Material for this exercise START

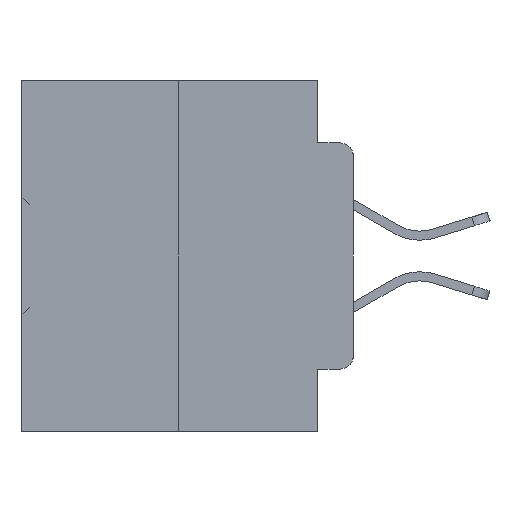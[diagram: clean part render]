
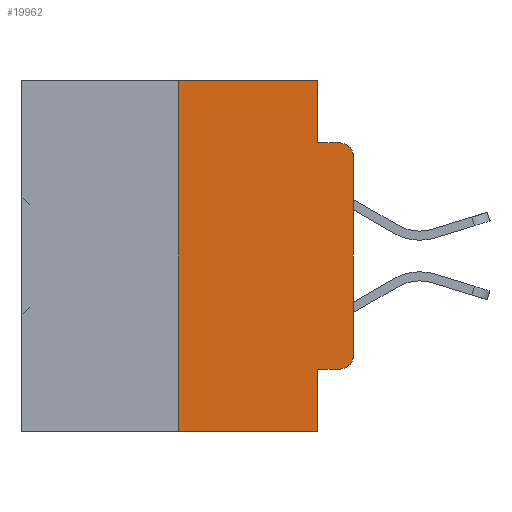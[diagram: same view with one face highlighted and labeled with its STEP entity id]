
A CAD part, left-side view. The second image highlights one B-rep face of the part: STEP entity #19962.
In plain terms, the highlighted planar face has unit normal (-1, 0, 0).
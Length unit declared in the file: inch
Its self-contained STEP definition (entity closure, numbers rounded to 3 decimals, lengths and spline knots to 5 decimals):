
#314 = VERTEX_POINT ( 'NONE', #15048 ) ;
#767 = DIRECTION ( 'NONE',  ( 0., -1., 0. ) ) ;
#1030 = EDGE_CURVE ( 'NONE', #2899, #21372, #22878, .T. ) ;
#1160 = CARTESIAN_POINT ( 'NONE',  ( 0., 0.051, 0. ) ) ;
#1383 = LINE ( 'NONE', #3928, #15063 ) ;
#1801 = CARTESIAN_POINT ( 'NONE',  ( 0., 0.25, 0. ) ) ;
#1993 = DIRECTION ( 'NONE',  ( 0., 0., 1. ) ) ;
#2522 = CARTESIAN_POINT ( 'NONE',  ( 0., 0.25, -0.5 ) ) ;
#2899 = VERTEX_POINT ( 'NONE', #27707 ) ;
#3928 = CARTESIAN_POINT ( 'NONE',  ( 0., 0.051, -0.0885 ) ) ;
#4603 = VECTOR ( 'NONE', #1993, 39.37008 ) ;
#4682 = CARTESIAN_POINT ( 'NONE',  ( 0., 0.051, 0. ) ) ;
#5417 = EDGE_CURVE ( 'NONE', #21372, #20356, #21191, .T. ) ;
#5622 = ORIENTED_EDGE ( 'NONE', *, *, #24843, .T. ) ;
#7838 = VERTEX_POINT ( 'NONE', #32107 ) ;
#8858 = CARTESIAN_POINT ( 'NONE',  ( 0., 0.02, -0.3915 ) ) ;
#8870 = VECTOR ( 'NONE', #15617, 39.37008 ) ;
#9165 = CARTESIAN_POINT ( 'NONE',  ( 0., 0.02, -0.0885 ) ) ;
#10715 = ORIENTED_EDGE ( 'NONE', *, *, #19804, .T. ) ;
#11018 = PLANE ( 'NONE',  #37458 ) ;
#11431 = EDGE_CURVE ( 'NONE', #25168, #2899, #26210, .T. ) ;
#12858 = CIRCLE ( 'NONE', #24586, 0.02 ) ;
#13165 = FACE_OUTER_BOUND ( 'NONE', #17139, .T. ) ;
#13217 = DIRECTION ( 'NONE',  ( 0., -1., 0. ) ) ;
#14166 = CARTESIAN_POINT ( 'NONE',  ( 0., 0.473, -0.5 ) ) ;
#14206 = CARTESIAN_POINT ( 'NONE',  ( 0., 0., 0. ) ) ;
#14483 = AXIS2_PLACEMENT_3D ( 'NONE', #8858, #20653, #32457 ) ;
#15048 = CARTESIAN_POINT ( 'NONE',  ( 0., 0., -0.3915 ) ) ;
#15063 = VECTOR ( 'NONE', #13217, 39.37008 ) ;
#15617 = DIRECTION ( 'NONE',  ( 0., -1., 0. ) ) ;
#15800 = VECTOR ( 'NONE', #767, 39.37008 ) ;
#17139 = EDGE_LOOP ( 'NONE', ( #5622, #28990, #17674, #36787, #29510, #22215, #10715, #29173, #17675, #25643 ) ) ;
#17674 = ORIENTED_EDGE ( 'NONE', *, *, #28827, .F. ) ;
#17675 = ORIENTED_EDGE ( 'NONE', *, *, #35674, .T. ) ;
#17982 = DIRECTION ( 'NONE',  ( 0., -1., 0. ) ) ;
#18512 = LINE ( 'NONE', #30328, #8870 ) ;
#18784 = DIRECTION ( 'NONE',  ( 0., 0., -1. ) ) ;
#19339 = DIRECTION ( 'NONE',  ( 0., 0., -1. ) ) ;
#19804 = EDGE_CURVE ( 'NONE', #25168, #29740, #29838, .T. ) ;
#19962 = ADVANCED_FACE ( 'NONE', ( #13165 ), #11018, .F. ) ;
#20356 = VERTEX_POINT ( 'NONE', #24148 ) ;
#20653 = DIRECTION ( 'NONE',  ( -1., 0., 0. ) ) ;
#20964 = VECTOR ( 'NONE', #26003, 39.37008 ) ;
#21191 = LINE ( 'NONE', #27203, #23279 ) ;
#21372 = VERTEX_POINT ( 'NONE', #4682 ) ;
#21488 = EDGE_CURVE ( 'NONE', #30667, #36691, #12858, .T. ) ;
#22067 = LINE ( 'NONE', #1160, #35206 ) ;
#22153 = CARTESIAN_POINT ( 'NONE',  ( 0., 0.051, -0.5 ) ) ;
#22215 = ORIENTED_EDGE ( 'NONE', *, *, #11431, .F. ) ;
#22878 = LINE ( 'NONE', #31985, #24934 ) ;
#23279 = VECTOR ( 'NONE', #35710, 39.37008 ) ;
#23396 = DIRECTION ( 'NONE',  ( 0., 0., -1. ) ) ;
#23585 = DIRECTION ( 'NONE',  ( -1., 0., 0. ) ) ;
#24148 = CARTESIAN_POINT ( 'NONE',  ( 0., 0.051, -0.0885 ) ) ;
#24586 = AXIS2_PLACEMENT_3D ( 'NONE', #32508, #23585, #23396 ) ;
#24843 = EDGE_CURVE ( 'NONE', #314, #30667, #31615, .T. ) ;
#24934 = VECTOR ( 'NONE', #17982, 39.37008 ) ;
#25168 = VERTEX_POINT ( 'NONE', #2522 ) ;
#25643 = ORIENTED_EDGE ( 'NONE', *, *, #29505, .T. ) ;
#26003 = DIRECTION ( 'NONE',  ( 0., 0., 1. ) ) ;
#26210 = LINE ( 'NONE', #1801, #4603 ) ;
#26218 = CIRCLE ( 'NONE', #14483, 0.02 ) ;
#27203 = CARTESIAN_POINT ( 'NONE',  ( 0., 0.051, 0. ) ) ;
#27571 = CARTESIAN_POINT ( 'NONE',  ( 0., 0.051, -0.4115 ) ) ;
#27707 = CARTESIAN_POINT ( 'NONE',  ( 0., 0.25, 0. ) ) ;
#28061 = CARTESIAN_POINT ( 'NONE',  ( 0., 0.473, 0. ) ) ;
#28827 = EDGE_CURVE ( 'NONE', #20356, #36691, #1383, .T. ) ;
#28990 = ORIENTED_EDGE ( 'NONE', *, *, #21488, .T. ) ;
#29173 = ORIENTED_EDGE ( 'NONE', *, *, #30623, .F. ) ;
#29505 = EDGE_CURVE ( 'NONE', #7838, #314, #26218, .T. ) ;
#29510 = ORIENTED_EDGE ( 'NONE', *, *, #1030, .F. ) ;
#29740 = VERTEX_POINT ( 'NONE', #22153 ) ;
#29838 = LINE ( 'NONE', #14166, #15800 ) ;
#30328 = CARTESIAN_POINT ( 'NONE',  ( 0., 0.051, -0.4115 ) ) ;
#30623 = EDGE_CURVE ( 'NONE', #36210, #29740, #22067, .T. ) ;
#30667 = VERTEX_POINT ( 'NONE', #36201 ) ;
#31615 = LINE ( 'NONE', #14206, #20964 ) ;
#31985 = CARTESIAN_POINT ( 'NONE',  ( 0., 0.473, 0. ) ) ;
#32107 = CARTESIAN_POINT ( 'NONE',  ( 0., 0.02, -0.4115 ) ) ;
#32457 = DIRECTION ( 'NONE',  ( 0., 0., -1. ) ) ;
#32508 = CARTESIAN_POINT ( 'NONE',  ( 0., 0.02, -0.1085 ) ) ;
#35206 = VECTOR ( 'NONE', #18784, 39.37008 ) ;
#35674 = EDGE_CURVE ( 'NONE', #36210, #7838, #18512, .T. ) ;
#35710 = DIRECTION ( 'NONE',  ( 0., 0., -1. ) ) ;
#36201 = CARTESIAN_POINT ( 'NONE',  ( 0., 0., -0.1085 ) ) ;
#36210 = VERTEX_POINT ( 'NONE', #27571 ) ;
#36691 = VERTEX_POINT ( 'NONE', #9165 ) ;
#36763 = DIRECTION ( 'NONE',  ( 1., 0., 0. ) ) ;
#36787 = ORIENTED_EDGE ( 'NONE', *, *, #5417, .F. ) ;
#37458 = AXIS2_PLACEMENT_3D ( 'NONE', #28061, #36763, #19339 ) ;

Material for this exercise END

Instructions to follow -
Taking the entries above, write out exactly each line from the one holding "#17982 = DIRECTION" to the one holding "#29173 = ORIENTED_EDGE", both included, and stop there.

Answer for this exercise -
#17982 = DIRECTION ( 'NONE',  ( 0., -1., 0. ) ) ;
#18512 = LINE ( 'NONE', #30328, #8870 ) ;
#18784 = DIRECTION ( 'NONE',  ( 0., 0., -1. ) ) ;
#19339 = DIRECTION ( 'NONE',  ( 0., 0., -1. ) ) ;
#19804 = EDGE_CURVE ( 'NONE', #25168, #29740, #29838, .T. ) ;
#19962 = ADVANCED_FACE ( 'NONE', ( #13165 ), #11018, .F. ) ;
#20356 = VERTEX_POINT ( 'NONE', #24148 ) ;
#20653 = DIRECTION ( 'NONE',  ( -1., 0., 0. ) ) ;
#20964 = VECTOR ( 'NONE', #26003, 39.37008 ) ;
#21191 = LINE ( 'NONE', #27203, #23279 ) ;
#21372 = VERTEX_POINT ( 'NONE', #4682 ) ;
#21488 = EDGE_CURVE ( 'NONE', #30667, #36691, #12858, .T. ) ;
#22067 = LINE ( 'NONE', #1160, #35206 ) ;
#22153 = CARTESIAN_POINT ( 'NONE',  ( 0., 0.051, -0.5 ) ) ;
#22215 = ORIENTED_EDGE ( 'NONE', *, *, #11431, .F. ) ;
#22878 = LINE ( 'NONE', #31985, #24934 ) ;
#23279 = VECTOR ( 'NONE', #35710, 39.37008 ) ;
#23396 = DIRECTION ( 'NONE',  ( 0., 0., -1. ) ) ;
#23585 = DIRECTION ( 'NONE',  ( -1., 0., 0. ) ) ;
#24148 = CARTESIAN_POINT ( 'NONE',  ( 0., 0.051, -0.0885 ) ) ;
#24586 = AXIS2_PLACEMENT_3D ( 'NONE', #32508, #23585, #23396 ) ;
#24843 = EDGE_CURVE ( 'NONE', #314, #30667, #31615, .T. ) ;
#24934 = VECTOR ( 'NONE', #17982, 39.37008 ) ;
#25168 = VERTEX_POINT ( 'NONE', #2522 ) ;
#25643 = ORIENTED_EDGE ( 'NONE', *, *, #29505, .T. ) ;
#26003 = DIRECTION ( 'NONE',  ( 0., 0., 1. ) ) ;
#26210 = LINE ( 'NONE', #1801, #4603 ) ;
#26218 = CIRCLE ( 'NONE', #14483, 0.02 ) ;
#27203 = CARTESIAN_POINT ( 'NONE',  ( 0., 0.051, 0. ) ) ;
#27571 = CARTESIAN_POINT ( 'NONE',  ( 0., 0.051, -0.4115 ) ) ;
#27707 = CARTESIAN_POINT ( 'NONE',  ( 0., 0.25, 0. ) ) ;
#28061 = CARTESIAN_POINT ( 'NONE',  ( 0., 0.473, 0. ) ) ;
#28827 = EDGE_CURVE ( 'NONE', #20356, #36691, #1383, .T. ) ;
#28990 = ORIENTED_EDGE ( 'NONE', *, *, #21488, .T. ) ;
#29173 = ORIENTED_EDGE ( 'NONE', *, *, #30623, .F. ) ;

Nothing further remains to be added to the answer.